## WHAT IS REQUIRED
Write out only the lines from the start of the entries up to and including the line with "#5=PRODUCT_RELATED_PRODUCT_CATEGORY('part','',(#4));"; please skip the pictures.

──────

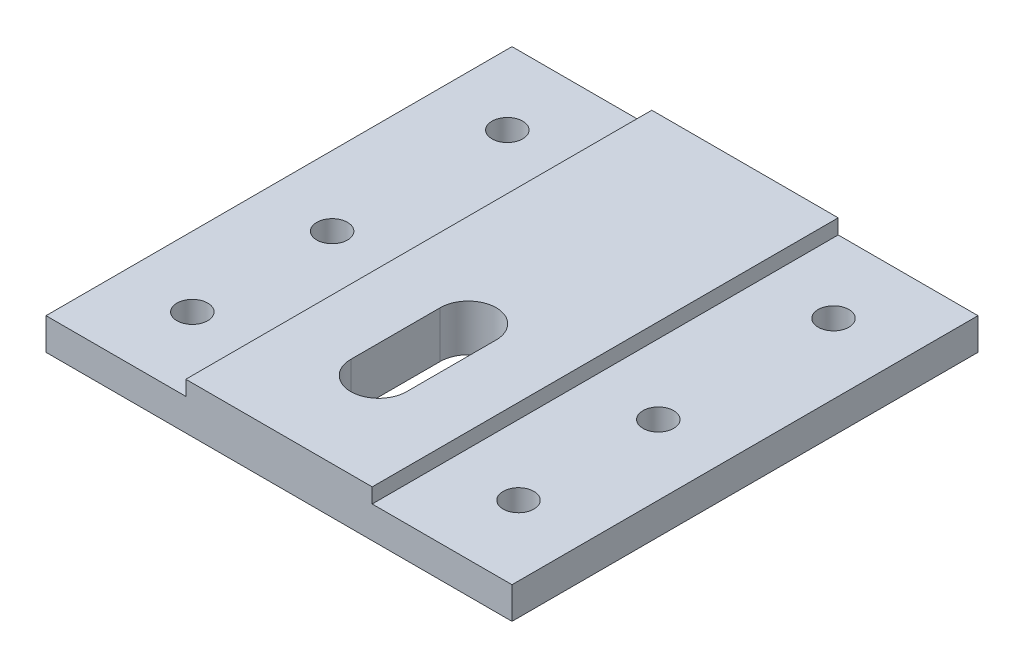
ISO-10303-21;
HEADER;
FILE_DESCRIPTION(('STEP AP214'),'2;1');
FILE_NAME('part.step','',(''),(''),'','','');
FILE_SCHEMA(('AUTOMOTIVE_DESIGN { 1 0 10303 214 1 1 1 1 }'));
ENDSEC;
DATA;
#1=APPLICATION_CONTEXT('core data for automotive mechanical design processes');
#2=APPLICATION_PROTOCOL_DEFINITION('international standard','automotive_design',2000,#1);
#3=PRODUCT_CONTEXT('',#1,'mechanical');
#4=PRODUCT('Part','Part','',(#3));
#5=PRODUCT_RELATED_PRODUCT_CATEGORY('part','',(#4));
#6=PRODUCT_DEFINITION_FORMATION('','',#4);
#7=PRODUCT_DEFINITION_CONTEXT('part definition',#1,'design');
#8=PRODUCT_DEFINITION('design','',#6,#7);
#9=PRODUCT_DEFINITION_SHAPE('','',#8);
#10=(LENGTH_UNIT() NAMED_UNIT(*) SI_UNIT(.MILLI.,.METRE.));
#11=(NAMED_UNIT(*) PLANE_ANGLE_UNIT() SI_UNIT($,.RADIAN.));
#12=(NAMED_UNIT(*) SI_UNIT($,.STERADIAN.) SOLID_ANGLE_UNIT());
#13=UNCERTAINTY_MEASURE_WITH_UNIT(LENGTH_MEASURE(1.E-05),#10,'distance_accuracy_value','');
#14=(GEOMETRIC_REPRESENTATION_CONTEXT(3) GLOBAL_UNCERTAINTY_ASSIGNED_CONTEXT((#13)) GLOBAL_UNIT_ASSIGNED_CONTEXT((#10,
#11,#12)) REPRESENTATION_CONTEXT('',''));
#15=CARTESIAN_POINT('',(0.,0.,0.));
#16=DIRECTION('',(0.,0.,1.));
#17=DIRECTION('',(1.,0.,0.));
#18=AXIS2_PLACEMENT_3D('',#15,#16,#17);
#19=CARTESIAN_POINT('',(-63.5,12.7,63.5));
#20=DIRECTION('',(1.,0.,0.));
#21=DIRECTION('',(0.,0.,-1.));
#22=AXIS2_PLACEMENT_3D('',#19,#20,#21);
#23=PLANE('',#22);
#24=DIRECTION('',(0.,-1.,0.));
#25=VECTOR('',#24,1.);
#26=CARTESIAN_POINT('',(-63.5,12.7,63.5));
#27=LINE('',#26,#25);
#28=CARTESIAN_POINT('',(-63.5,8.65841998049085,63.5));
#29=VERTEX_POINT('',#28);
#30=CARTESIAN_POINT('',(-63.5,0.,63.5));
#31=VERTEX_POINT('',#30);
#32=EDGE_CURVE('E11',#29,#31,#27,.T.);
#33=ORIENTED_EDGE('',*,*,#32,.F.);
#34=DIRECTION('',(0.,0.,1.));
#35=VECTOR('',#34,1.);
#36=CARTESIAN_POINT('',(-63.5,8.65841998049085,-63.5));
#37=LINE('',#36,#35);
#38=CARTESIAN_POINT('',(-63.5,8.65841998049085,-63.5));
#39=VERTEX_POINT('',#38);
#40=EDGE_CURVE('E230',#39,#29,#37,.T.);
#41=ORIENTED_EDGE('',*,*,#40,.F.);
#42=DIRECTION('',(0.,-1.,0.));
#43=VECTOR('',#42,1.);
#44=CARTESIAN_POINT('',(-63.5,12.7,-63.5));
#45=LINE('',#44,#43);
#46=CARTESIAN_POINT('',(-63.5,0.,-63.5));
#47=VERTEX_POINT('',#46);
#48=EDGE_CURVE('E280',#39,#47,#45,.T.);
#49=ORIENTED_EDGE('',*,*,#48,.T.);
#50=DIRECTION('',(0.,0.,1.));
#51=VECTOR('',#50,1.);
#52=CARTESIAN_POINT('',(-63.5,0.,63.5));
#53=LINE('',#52,#51);
#54=EDGE_CURVE('E242',#47,#31,#53,.T.);
#55=ORIENTED_EDGE('',*,*,#54,.T.);
#56=EDGE_LOOP('',(#33,#41,#49,#55));
#57=FACE_BOUND('',#56,.T.);
#58=ADVANCED_FACE('F39',(#57),#23,.F.);
#59=CARTESIAN_POINT('',(63.5,12.7,63.5));
#60=DIRECTION('',(0.,0.,-1.));
#61=DIRECTION('',(-1.,0.,0.));
#62=AXIS2_PLACEMENT_3D('',#59,#60,#61);
#63=PLANE('',#62);
#64=DIRECTION('',(1.,0.,0.));
#65=VECTOR('',#64,1.);
#66=CARTESIAN_POINT('',(63.5,12.7,63.5));
#67=LINE('',#66,#65);
#68=CARTESIAN_POINT('',(-25.4,12.7,63.5));
#69=VERTEX_POINT('',#68);
#70=CARTESIAN_POINT('',(25.4,12.7,63.5));
#71=VERTEX_POINT('',#70);
#72=EDGE_CURVE('E271',#69,#71,#67,.T.);
#73=ORIENTED_EDGE('',*,*,#72,.F.);
#74=DIRECTION('',(0.,1.,0.));
#75=VECTOR('',#74,1.);
#76=CARTESIAN_POINT('',(-25.4,12.7,63.5));
#77=LINE('',#76,#75);
#78=CARTESIAN_POINT('',(-25.4,8.65841998049085,63.5));
#79=VERTEX_POINT('',#78);
#80=EDGE_CURVE('E226',#79,#69,#77,.T.);
#81=ORIENTED_EDGE('',*,*,#80,.F.);
#82=DIRECTION('',(1.,0.,0.));
#83=VECTOR('',#82,1.);
#84=CARTESIAN_POINT('',(-63.5,8.65841998049085,63.5));
#85=LINE('',#84,#83);
#86=EDGE_CURVE('E231',#29,#79,#85,.T.);
#87=ORIENTED_EDGE('',*,*,#86,.F.);
#88=ORIENTED_EDGE('',*,*,#32,.T.);
#89=DIRECTION('',(1.,0.,0.));
#90=VECTOR('',#89,1.);
#91=CARTESIAN_POINT('',(63.5,0.,63.5));
#92=LINE('',#91,#90);
#93=CARTESIAN_POINT('',(63.5,0.,63.5));
#94=VERTEX_POINT('',#93);
#95=EDGE_CURVE('E284',#31,#94,#92,.T.);
#96=ORIENTED_EDGE('',*,*,#95,.T.);
#97=DIRECTION('',(0.,-1.,0.));
#98=VECTOR('',#97,1.);
#99=CARTESIAN_POINT('',(63.5,12.7,63.5));
#100=LINE('',#99,#98);
#101=CARTESIAN_POINT('',(63.5,8.65841998049085,63.5));
#102=VERTEX_POINT('',#101);
#103=EDGE_CURVE('E48',#102,#94,#100,.T.);
#104=ORIENTED_EDGE('',*,*,#103,.F.);
#105=DIRECTION('',(1.,0.,0.));
#106=VECTOR('',#105,1.);
#107=CARTESIAN_POINT('',(63.5,8.65841998049085,63.5));
#108=LINE('',#107,#106);
#109=CARTESIAN_POINT('',(25.4,8.65841998049085,63.5));
#110=VERTEX_POINT('',#109);
#111=EDGE_CURVE('E253',#110,#102,#108,.T.);
#112=ORIENTED_EDGE('',*,*,#111,.F.);
#113=DIRECTION('',(0.,-1.,0.));
#114=VECTOR('',#113,1.);
#115=CARTESIAN_POINT('',(25.4,12.7,63.5));
#116=LINE('',#115,#114);
#117=EDGE_CURVE('E220',#71,#110,#116,.T.);
#118=ORIENTED_EDGE('',*,*,#117,.F.);
#119=EDGE_LOOP('',(#73,#81,#87,#88,#96,#104,#112,#118));
#120=FACE_BOUND('',#119,.T.);
#121=ADVANCED_FACE('F311',(#120),#63,.F.);
#122=CARTESIAN_POINT('',(63.5,12.7,63.5));
#123=DIRECTION('',(-1.,0.,0.));
#124=DIRECTION('',(0.,0.,1.));
#125=AXIS2_PLACEMENT_3D('',#122,#123,#124);
#126=PLANE('',#125);
#127=DIRECTION('',(0.,-1.,0.));
#128=VECTOR('',#127,1.);
#129=CARTESIAN_POINT('',(63.5,12.7,-63.5));
#130=LINE('',#129,#128);
#131=CARTESIAN_POINT('',(63.5,8.65841998049085,-63.5));
#132=VERTEX_POINT('',#131);
#133=CARTESIAN_POINT('',(63.5,0.,-63.5));
#134=VERTEX_POINT('',#133);
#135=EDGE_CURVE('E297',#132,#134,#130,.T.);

──────

## WRITTEN ANSWER
ISO-10303-21;
HEADER;
FILE_DESCRIPTION(('STEP AP214'),'2;1');
FILE_NAME('part.step','',(''),(''),'','','');
FILE_SCHEMA(('AUTOMOTIVE_DESIGN { 1 0 10303 214 1 1 1 1 }'));
ENDSEC;
DATA;
#1=APPLICATION_CONTEXT('core data for automotive mechanical design processes');
#2=APPLICATION_PROTOCOL_DEFINITION('international standard','automotive_design',2000,#1);
#3=PRODUCT_CONTEXT('',#1,'mechanical');
#4=PRODUCT('Part','Part','',(#3));
#5=PRODUCT_RELATED_PRODUCT_CATEGORY('part','',(#4));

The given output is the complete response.